The boss-subordinate barrier
The boss-subordinate barrier

Psychological barriers boss-subordinate become the main obstacle to the quality performance of work by an employee. When a person feels undue pressure, prejudice and defiant disregard for his interests, his productivity drops sharply. The subordinate is under constant stress, which is reflected not only in his performance at work, but also in his state of he alth. Very often, unhe althy relationships in a team cause both personal tragedies and the bankruptcy of entire enterprises.

How to overcome the barrier?

How to overcome the psychological barrier
How to overcome the psychological barrier

Psychologists advise how to overcome the psychological barrier in any relationship. For this you need:

  • Do not be afraid to ask questions, ask again, clarify. Getting the right information is the first step towards harmonious interaction in any aspect.
  • Try to communicate "in the same language" with the interlocutor, using his usual expressions.
  • If tension has arisen during the conversation, you should go into the category of a “passive listener”, this will help the dialogue reach a calmer level.
  • Be able to respect the point of view of the interlocutor, learn to empathize, condescendingly treat his shortcomings.
  • Do not expect brilliant results from the interlocutor in order tothen don't be disappointed.

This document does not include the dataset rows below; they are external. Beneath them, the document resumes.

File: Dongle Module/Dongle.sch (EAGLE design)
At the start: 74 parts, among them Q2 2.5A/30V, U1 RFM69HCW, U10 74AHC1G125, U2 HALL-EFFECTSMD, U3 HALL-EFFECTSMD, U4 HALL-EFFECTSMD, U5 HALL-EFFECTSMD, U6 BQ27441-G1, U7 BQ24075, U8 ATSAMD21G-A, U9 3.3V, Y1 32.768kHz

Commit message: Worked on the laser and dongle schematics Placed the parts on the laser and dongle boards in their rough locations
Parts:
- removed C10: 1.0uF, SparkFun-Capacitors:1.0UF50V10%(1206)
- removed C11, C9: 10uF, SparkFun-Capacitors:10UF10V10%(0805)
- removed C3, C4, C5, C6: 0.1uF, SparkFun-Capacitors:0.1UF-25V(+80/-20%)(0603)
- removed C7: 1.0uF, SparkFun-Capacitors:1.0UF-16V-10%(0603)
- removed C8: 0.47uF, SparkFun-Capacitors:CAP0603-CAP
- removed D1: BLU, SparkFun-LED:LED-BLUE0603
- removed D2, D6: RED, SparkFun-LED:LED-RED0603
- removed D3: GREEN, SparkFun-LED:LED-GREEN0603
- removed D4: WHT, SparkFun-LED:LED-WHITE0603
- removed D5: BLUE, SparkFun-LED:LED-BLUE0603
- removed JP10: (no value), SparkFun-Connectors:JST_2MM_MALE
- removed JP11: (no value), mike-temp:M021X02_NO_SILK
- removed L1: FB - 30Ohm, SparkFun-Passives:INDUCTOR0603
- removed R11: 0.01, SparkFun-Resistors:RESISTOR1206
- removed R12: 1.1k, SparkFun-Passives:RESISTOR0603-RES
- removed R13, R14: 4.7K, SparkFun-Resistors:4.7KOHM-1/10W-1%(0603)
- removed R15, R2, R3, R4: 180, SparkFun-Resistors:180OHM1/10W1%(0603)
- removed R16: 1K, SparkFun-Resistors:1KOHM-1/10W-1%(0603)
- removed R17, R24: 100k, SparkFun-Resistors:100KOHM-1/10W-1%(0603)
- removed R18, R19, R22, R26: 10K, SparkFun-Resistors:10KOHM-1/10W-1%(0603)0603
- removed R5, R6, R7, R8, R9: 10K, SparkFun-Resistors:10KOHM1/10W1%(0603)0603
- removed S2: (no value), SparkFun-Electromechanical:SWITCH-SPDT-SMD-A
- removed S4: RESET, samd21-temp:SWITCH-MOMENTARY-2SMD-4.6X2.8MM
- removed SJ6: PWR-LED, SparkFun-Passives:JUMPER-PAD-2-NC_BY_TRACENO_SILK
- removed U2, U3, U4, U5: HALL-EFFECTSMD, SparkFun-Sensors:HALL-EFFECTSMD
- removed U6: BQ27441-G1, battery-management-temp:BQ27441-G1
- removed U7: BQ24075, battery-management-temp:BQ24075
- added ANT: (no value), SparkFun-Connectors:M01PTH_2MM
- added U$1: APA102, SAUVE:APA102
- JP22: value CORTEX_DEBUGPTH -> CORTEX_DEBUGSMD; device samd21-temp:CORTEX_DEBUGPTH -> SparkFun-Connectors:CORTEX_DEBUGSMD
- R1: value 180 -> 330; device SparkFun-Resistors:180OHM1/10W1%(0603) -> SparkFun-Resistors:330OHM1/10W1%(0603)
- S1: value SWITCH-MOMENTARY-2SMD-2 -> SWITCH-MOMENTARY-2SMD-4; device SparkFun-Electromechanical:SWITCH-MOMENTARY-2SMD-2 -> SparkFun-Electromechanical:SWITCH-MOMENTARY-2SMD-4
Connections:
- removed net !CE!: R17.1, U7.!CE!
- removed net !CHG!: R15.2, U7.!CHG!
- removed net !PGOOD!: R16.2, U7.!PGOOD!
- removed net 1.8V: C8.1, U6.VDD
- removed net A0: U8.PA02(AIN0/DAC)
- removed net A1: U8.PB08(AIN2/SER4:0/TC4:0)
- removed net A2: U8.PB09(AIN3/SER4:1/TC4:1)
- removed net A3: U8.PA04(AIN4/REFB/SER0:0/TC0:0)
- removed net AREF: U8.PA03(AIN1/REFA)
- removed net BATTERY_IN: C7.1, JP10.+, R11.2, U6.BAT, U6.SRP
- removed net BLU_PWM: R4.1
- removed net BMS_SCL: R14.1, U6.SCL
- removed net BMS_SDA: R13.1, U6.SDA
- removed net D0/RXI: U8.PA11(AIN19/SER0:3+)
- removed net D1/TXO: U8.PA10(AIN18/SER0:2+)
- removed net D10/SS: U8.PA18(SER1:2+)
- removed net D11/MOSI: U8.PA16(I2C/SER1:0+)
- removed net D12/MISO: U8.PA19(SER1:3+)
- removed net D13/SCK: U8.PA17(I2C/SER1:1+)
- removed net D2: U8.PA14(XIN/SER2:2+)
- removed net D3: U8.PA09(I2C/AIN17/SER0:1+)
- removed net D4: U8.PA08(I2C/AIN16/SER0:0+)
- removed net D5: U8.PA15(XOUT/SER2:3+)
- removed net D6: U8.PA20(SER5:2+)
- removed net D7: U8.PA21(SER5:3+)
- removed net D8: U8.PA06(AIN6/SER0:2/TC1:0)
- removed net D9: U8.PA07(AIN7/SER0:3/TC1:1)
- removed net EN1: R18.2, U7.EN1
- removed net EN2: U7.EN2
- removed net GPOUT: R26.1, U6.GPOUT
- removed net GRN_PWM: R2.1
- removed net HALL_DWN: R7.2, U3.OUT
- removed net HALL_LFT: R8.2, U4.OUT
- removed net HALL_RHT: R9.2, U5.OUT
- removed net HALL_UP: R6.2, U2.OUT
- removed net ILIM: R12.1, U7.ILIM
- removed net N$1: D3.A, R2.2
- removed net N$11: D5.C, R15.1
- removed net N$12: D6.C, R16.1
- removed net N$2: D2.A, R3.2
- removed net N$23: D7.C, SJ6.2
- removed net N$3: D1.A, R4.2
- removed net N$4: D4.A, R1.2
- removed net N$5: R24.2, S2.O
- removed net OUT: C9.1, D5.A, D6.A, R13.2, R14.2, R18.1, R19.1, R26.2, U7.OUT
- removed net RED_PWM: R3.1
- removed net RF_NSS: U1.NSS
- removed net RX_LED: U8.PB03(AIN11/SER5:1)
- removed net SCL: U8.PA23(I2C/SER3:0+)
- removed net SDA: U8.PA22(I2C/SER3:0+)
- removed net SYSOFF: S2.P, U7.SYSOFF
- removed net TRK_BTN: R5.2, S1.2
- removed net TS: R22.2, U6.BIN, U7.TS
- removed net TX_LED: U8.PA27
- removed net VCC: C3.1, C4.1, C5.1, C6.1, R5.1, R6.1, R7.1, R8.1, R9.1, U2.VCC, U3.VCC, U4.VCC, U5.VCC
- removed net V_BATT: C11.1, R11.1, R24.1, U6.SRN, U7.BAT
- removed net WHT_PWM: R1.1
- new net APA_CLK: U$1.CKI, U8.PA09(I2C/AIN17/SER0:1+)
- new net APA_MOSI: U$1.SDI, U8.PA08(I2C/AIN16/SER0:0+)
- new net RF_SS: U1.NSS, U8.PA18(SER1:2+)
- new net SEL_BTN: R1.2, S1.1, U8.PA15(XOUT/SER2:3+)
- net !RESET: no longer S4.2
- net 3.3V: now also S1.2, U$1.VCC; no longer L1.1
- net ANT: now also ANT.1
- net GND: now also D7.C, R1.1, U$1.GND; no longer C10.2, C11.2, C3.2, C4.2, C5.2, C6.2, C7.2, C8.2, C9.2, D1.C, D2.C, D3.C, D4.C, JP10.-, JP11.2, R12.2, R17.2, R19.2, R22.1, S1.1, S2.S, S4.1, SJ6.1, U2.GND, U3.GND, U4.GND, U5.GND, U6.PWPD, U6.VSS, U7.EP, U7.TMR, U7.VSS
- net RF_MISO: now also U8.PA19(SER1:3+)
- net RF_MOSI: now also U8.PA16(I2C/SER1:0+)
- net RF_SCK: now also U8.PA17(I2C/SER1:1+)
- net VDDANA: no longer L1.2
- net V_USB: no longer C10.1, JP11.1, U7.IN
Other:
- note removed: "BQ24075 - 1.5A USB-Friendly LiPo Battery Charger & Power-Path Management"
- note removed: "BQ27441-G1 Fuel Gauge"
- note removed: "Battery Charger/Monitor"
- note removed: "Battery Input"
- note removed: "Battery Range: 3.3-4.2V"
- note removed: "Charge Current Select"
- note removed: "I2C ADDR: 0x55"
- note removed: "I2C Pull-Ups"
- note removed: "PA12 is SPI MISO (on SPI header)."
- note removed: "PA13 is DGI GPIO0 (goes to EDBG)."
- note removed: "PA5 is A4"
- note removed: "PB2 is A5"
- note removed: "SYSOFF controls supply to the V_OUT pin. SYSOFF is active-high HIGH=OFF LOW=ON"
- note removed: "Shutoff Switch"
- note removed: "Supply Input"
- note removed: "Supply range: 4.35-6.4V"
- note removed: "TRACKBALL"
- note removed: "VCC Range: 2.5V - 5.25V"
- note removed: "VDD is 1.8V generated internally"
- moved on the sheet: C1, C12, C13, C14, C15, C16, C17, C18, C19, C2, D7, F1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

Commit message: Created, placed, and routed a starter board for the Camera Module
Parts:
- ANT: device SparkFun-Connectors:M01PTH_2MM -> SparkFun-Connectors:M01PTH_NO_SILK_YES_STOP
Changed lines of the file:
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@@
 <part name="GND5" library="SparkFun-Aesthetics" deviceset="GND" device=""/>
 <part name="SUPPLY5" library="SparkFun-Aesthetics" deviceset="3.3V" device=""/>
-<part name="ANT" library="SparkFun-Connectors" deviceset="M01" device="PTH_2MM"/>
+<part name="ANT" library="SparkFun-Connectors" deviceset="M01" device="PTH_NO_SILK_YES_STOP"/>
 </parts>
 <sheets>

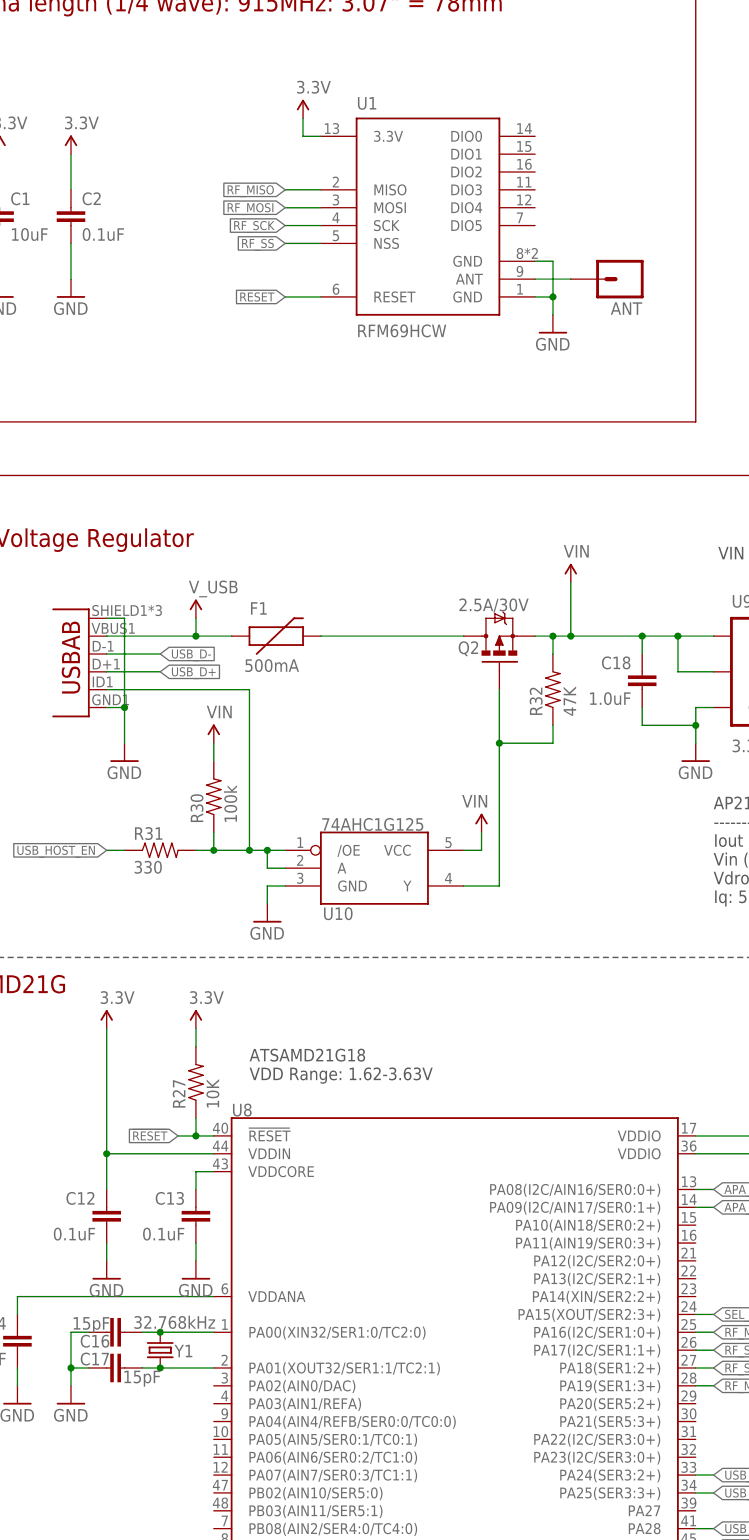
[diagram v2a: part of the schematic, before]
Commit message: Updated the RFM69 library to be closer to C. millis() is the only function hat needs to be updated now.
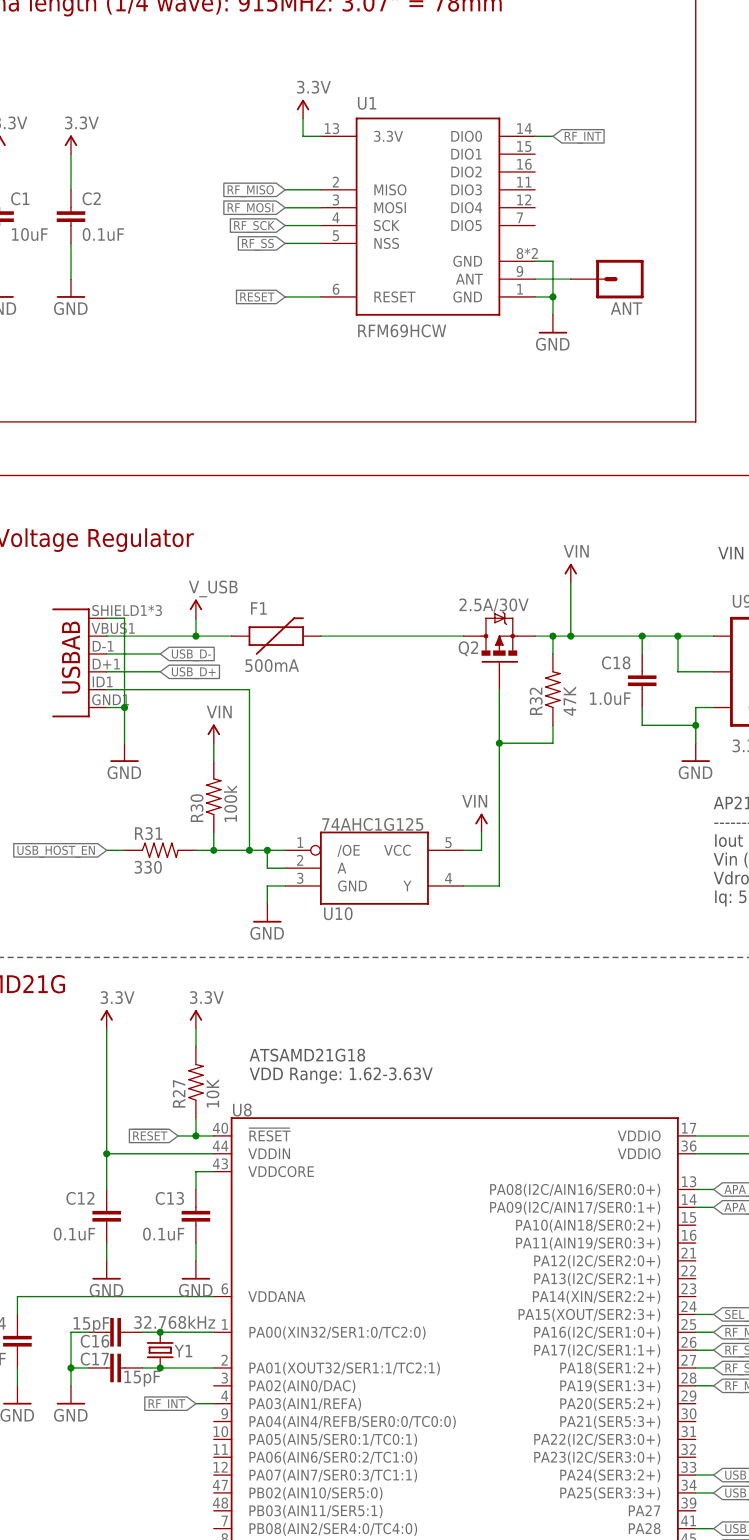
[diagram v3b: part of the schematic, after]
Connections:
- new net RF_INT: U1.DIO0, U8.PA03(AIN1/REFA)
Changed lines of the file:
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@@
+</segment>
+</net>
+<net name="RF_INT" class="0">
+<segment>
+<pinref part="U1" gate="G$1" pin="DIO0"/>
+<wire x1="91.44" y1="228.6" x2="93.98" y2="228.6" width="0.1524" layer="91"/>
+<label x="93.98" y="228.6" size="1.27" layer="95" xref="yes"/>
+</segment>
+<segment>
+<pinref part="U8" gate="G$1" pin="PA03(AIN1/REFA)"/>
+<wire x1="45.72" y1="48.26" x2="43.18" y2="48.26" width="0.1524" layer="91"/>
+<label x="43.18" y="48.26" size="1.27" layer="95" rot="R180" xref="yes"/>
 </segment>
 </net>

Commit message: Finalized all PCBs
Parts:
- C12, C13, C14, C15: device SparkFun-Capacitors:0.1UF-16V(+-10%)(0402) -> SparkFun-Capacitors:CAP0603-CAP
- C16, C17: device samd21-temp:15PF-50V(+-5%)(0402) -> SparkFun-Capacitors:CAP0603-CAP
- D7: value RED -> GREEN
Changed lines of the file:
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@@
 <part name="U8" library="samd21-temp" deviceset="ATSAMD21G" device="-A"/>
 <part name="GND40" library="SparkFun-Aesthetics" deviceset="GND" device=""/>
-<part name="C12" library="SparkFun-Capacitors" deviceset="0.1UF-16V(+-10%)(0402)" device="" value="0.1uF"/>
-<part name="C13" library="SparkFun-Capacitors" deviceset="0.1UF-16V(+-10%)(0402)" device="" value="0.1uF"/>
-<part name="C14" library="SparkFun-Capacitors" deviceset="0.1UF-16V(+-10%)(0402)" device="" value="0.1uF"/>
-<part name="C15" library="SparkFun-Capacitors" deviceset="0.1UF-16V(+-10%)(0402)" device="" value="0.1uF"/>
+<part name="C12" library="SparkFun-Capacitors" deviceset="CAP" device="0603-CAP" value="0.1uF"/>
+<part name="C13" library="SparkFun-Capacitors" deviceset="CAP" device="0603-CAP" value="0.1uF"/>
+<part name="C14" library="SparkFun-Capacitors" deviceset="CAP" device="0603-CAP" value="0.1uF"/>
+<part name="C15" library="SparkFun-Capacitors" deviceset="CAP" device="0603-CAP" value="0.1uF"/>
 <part name="R27" library="SparkFun-Resistors" deviceset="10KOHM-1/10W-1%(0603)" device="0603" value="10K"/>
 <part name="SUPPLY12" library="SparkFun-Aesthetics" deviceset="3.3V" device=""/>
@@
 <part name="GND42" library="SparkFun-Aesthetics" deviceset="GND" device=""/>
 <part name="GND43" library="SparkFun-Aesthetics" deviceset="GND" device=""/>
-<part name="C16" library="samd21-temp" deviceset="15PF-50V(+-5%)(0402)" device="" value="15pF"/>
-<part name="C17" library="samd21-temp" deviceset="15PF-50V(+-5%)(0402)" device="" value="15pF"/>
+<part name="C16" library="SparkFun-Capacitors" deviceset="CAP" device="0603-CAP" value="15pF"/>
+<part name="C17" library="SparkFun-Capacitors" deviceset="CAP" device="0603-CAP" value="15pF"/>
 <part name="GND44" library="SparkFun-Aesthetics" deviceset="GND" device=""/>
 <part name="SUPPLY15" library="SparkFun-Aesthetics" deviceset="3.3V" device=""/>
@@
 <part name="GND49" library="SparkFun-Aesthetics" deviceset="GND" device=""/>
 <part name="SUPPLY16" library="SparkFun-Aesthetics" deviceset="3.3V" device=""/>
-<part name="D7" library="SparkFun-LED" deviceset="LED-RED" device="0603" value="RED"/>
+<part name="D7" library="SparkFun-LED" deviceset="LED-RED" device="0603" value="GREEN"/>
 <part name="R28" library="SparkFun-Resistors" deviceset="330OHM1/10W1%(0603)" device="" value="330"/>
 <part name="SUPPLY17" library="SparkFun-Aesthetics" deviceset="3.3V" device=""/>
@@
 <wire x1="0" y1="0" x2="0" y2="180.34" width="0.1524" layer="94"/>
 <text x="165.1" y="38.1" size="5.08" layer="94" ratio="15">SAMD21G18</text>
+<wire x1="132.08" y1="256.54" x2="208.28" y2="256.54" width="0.1524" layer="94"/>
+<wire x1="208.28" y1="256.54" x2="208.28" y2="190.5" width="0.1524" layer="94"/>
+<wire x1="208.28" y1="190.5" x2="132.08" y2="190.5" width="0.1524" layer="94"/>
+<wire x1="132.08" y1="190.5" x2="132.08" y2="256.54" width="0.1524" layer="94"/>
 </plain>
 <instances>
@@
 <instance part="C16" gate="G$1" x="33.02" y="58.42" smashed="yes" rot="R90">
 <attribute name="NAME" x="30.988" y="58.039" size="1.778" layer="95" rot="R180"/>
-<attribute name="VALUE" x="30.988" y="58.801" size="1.778" layer="96" rot="MR0"/>
 </instance>
 <instance part="C17" gate="G$1" x="30.48" y="53.34" smashed="yes" rot="R270">
 <attribute name="NAME" x="30.988" y="53.721" size="1.778" layer="95" rot="MR0"/>
-<attribute name="VALUE" x="32.766" y="52.959" size="1.778" layer="96" rot="MR180"/>
 </instance>
 <instance part="GND44" gate="1" x="25.4" y="48.26"/>
@@
 <instance part="SUPPLY24" gate="G$1" x="96.52" y="165.1"/>
 <instance part="SUPPLY18" gate="G$1" x="43.18" y="160.02"/>
-<instance part="S1" gate="G$1" x="172.72" y="241.3"/>
+<instance part="S1" gate="G$1" x="172.72" y="241.3" smashed="yes">
+<attribute name="NAME" x="170.18" y="243.84" size="1.778" layer="95"/>
+</instance>
 <instance part="SUPPLY3" gate="G$1" x="182.88" y="246.38"/>
 <instance part="GND4" gate="1" x="162.56" y="223.52"/>

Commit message: push ui.c again
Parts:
- C12, C13, C14, C15: device SparkFun-Capacitors:CAP0603-CAP -> SparkFun-Capacitors:0.1UF-16V(+-10%)(0402)
- C16, C17: device SparkFun-Capacitors:CAP0603-CAP -> samd21-temp:15PF-50V(+-5%)(0402)
- D7: value GREEN -> RED
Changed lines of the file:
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@@
 <part name="U8" library="samd21-temp" deviceset="ATSAMD21G" device="-A"/>
 <part name="GND40" library="SparkFun-Aesthetics" deviceset="GND" device=""/>
-<part name="C12" library="SparkFun-Capacitors" deviceset="CAP" device="0603-CAP" value="0.1uF"/>
-<part name="C13" library="SparkFun-Capacitors" deviceset="CAP" device="0603-CAP" value="0.1uF"/>
-<part name="C14" library="SparkFun-Capacitors" deviceset="CAP" device="0603-CAP" value="0.1uF"/>
-<part name="C15" library="SparkFun-Capacitors" deviceset="CAP" device="0603-CAP" value="0.1uF"/>
+<part name="C12" library="SparkFun-Capacitors" deviceset="0.1UF-16V(+-10%)(0402)" device="" value="0.1uF"/>
+<part name="C13" library="SparkFun-Capacitors" deviceset="0.1UF-16V(+-10%)(0402)" device="" value="0.1uF"/>
+<part name="C14" library="SparkFun-Capacitors" deviceset="0.1UF-16V(+-10%)(0402)" device="" value="0.1uF"/>
+<part name="C15" library="SparkFun-Capacitors" deviceset="0.1UF-16V(+-10%)(0402)" device="" value="0.1uF"/>
 <part name="R27" library="SparkFun-Resistors" deviceset="10KOHM-1/10W-1%(0603)" device="0603" value="10K"/>
 <part name="SUPPLY12" library="SparkFun-Aesthetics" deviceset="3.3V" device=""/>
@@
 <part name="GND42" library="SparkFun-Aesthetics" deviceset="GND" device=""/>
 <part name="GND43" library="SparkFun-Aesthetics" deviceset="GND" device=""/>
-<part name="C16" library="SparkFun-Capacitors" deviceset="CAP" device="0603-CAP" value="15pF"/>
-<part name="C17" library="SparkFun-Capacitors" deviceset="CAP" device="0603-CAP" value="15pF"/>
+<part name="C16" library="samd21-temp" deviceset="15PF-50V(+-5%)(0402)" device="" value="15pF"/>
+<part name="C17" library="samd21-temp" deviceset="15PF-50V(+-5%)(0402)" device="" value="15pF"/>
 <part name="GND44" library="SparkFun-Aesthetics" deviceset="GND" device=""/>
 <part name="SUPPLY15" library="SparkFun-Aesthetics" deviceset="3.3V" device=""/>
@@
 <part name="GND49" library="SparkFun-Aesthetics" deviceset="GND" device=""/>
 <part name="SUPPLY16" library="SparkFun-Aesthetics" deviceset="3.3V" device=""/>
-<part name="D7" library="SparkFun-LED" deviceset="LED-RED" device="0603" value="GREEN"/>
+<part name="D7" library="SparkFun-LED" deviceset="LED-RED" device="0603" value="RED"/>
 <part name="R28" library="SparkFun-Resistors" deviceset="330OHM1/10W1%(0603)" device="" value="330"/>
 <part name="SUPPLY17" library="SparkFun-Aesthetics" deviceset="3.3V" device=""/>
@@
 <wire x1="0" y1="0" x2="0" y2="180.34" width="0.1524" layer="94"/>
 <text x="165.1" y="38.1" size="5.08" layer="94" ratio="15">SAMD21G18</text>
-<wire x1="132.08" y1="256.54" x2="208.28" y2="256.54" width="0.1524" layer="94"/>
-<wire x1="208.28" y1="256.54" x2="208.28" y2="190.5" width="0.1524" layer="94"/>
-<wire x1="208.28" y1="190.5" x2="132.08" y2="190.5" width="0.1524" layer="94"/>
-<wire x1="132.08" y1="190.5" x2="132.08" y2="256.54" width="0.1524" layer="94"/>
 </plain>
 <instances>
@@
 <instance part="C16" gate="G$1" x="33.02" y="58.42" smashed="yes" rot="R90">
 <attribute name="NAME" x="30.988" y="58.039" size="1.778" layer="95" rot="R180"/>
+<attribute name="VALUE" x="30.988" y="58.801" size="1.778" layer="96" rot="MR0"/>
 </instance>
 <instance part="C17" gate="G$1" x="30.48" y="53.34" smashed="yes" rot="R270">
 <attribute name="NAME" x="30.988" y="53.721" size="1.778" layer="95" rot="MR0"/>
+<attribute name="VALUE" x="32.766" y="52.959" size="1.778" layer="96" rot="MR180"/>
 </instance>
 <instance part="GND44" gate="1" x="25.4" y="48.26"/>
@@
 <instance part="SUPPLY24" gate="G$1" x="96.52" y="165.1"/>
 <instance part="SUPPLY18" gate="G$1" x="43.18" y="160.02"/>
-<instance part="S1" gate="G$1" x="172.72" y="241.3" smashed="yes">
-<attribute name="NAME" x="170.18" y="243.84" size="1.778" layer="95"/>
-</instance>
+<instance part="S1" gate="G$1" x="172.72" y="241.3"/>
 <instance part="SUPPLY3" gate="G$1" x="182.88" y="246.38"/>
 <instance part="GND4" gate="1" x="162.56" y="223.52"/>

It should be remembered that conversations can be drastically different from real opportunities.
  • When receiving information, a distinction should be made between emotions and facts. This is the only way to achieve an objective understanding of what is happening.
  • Always observe subordination, do not allow yourself familiarity, build a dialogue "on an equal footing".

It is enough to follow some rules of communication to forget about internal barriers forever. To do this, you must have self-esteem, sincerely respect the interlocutor and never escalate the emotional situation when communicating.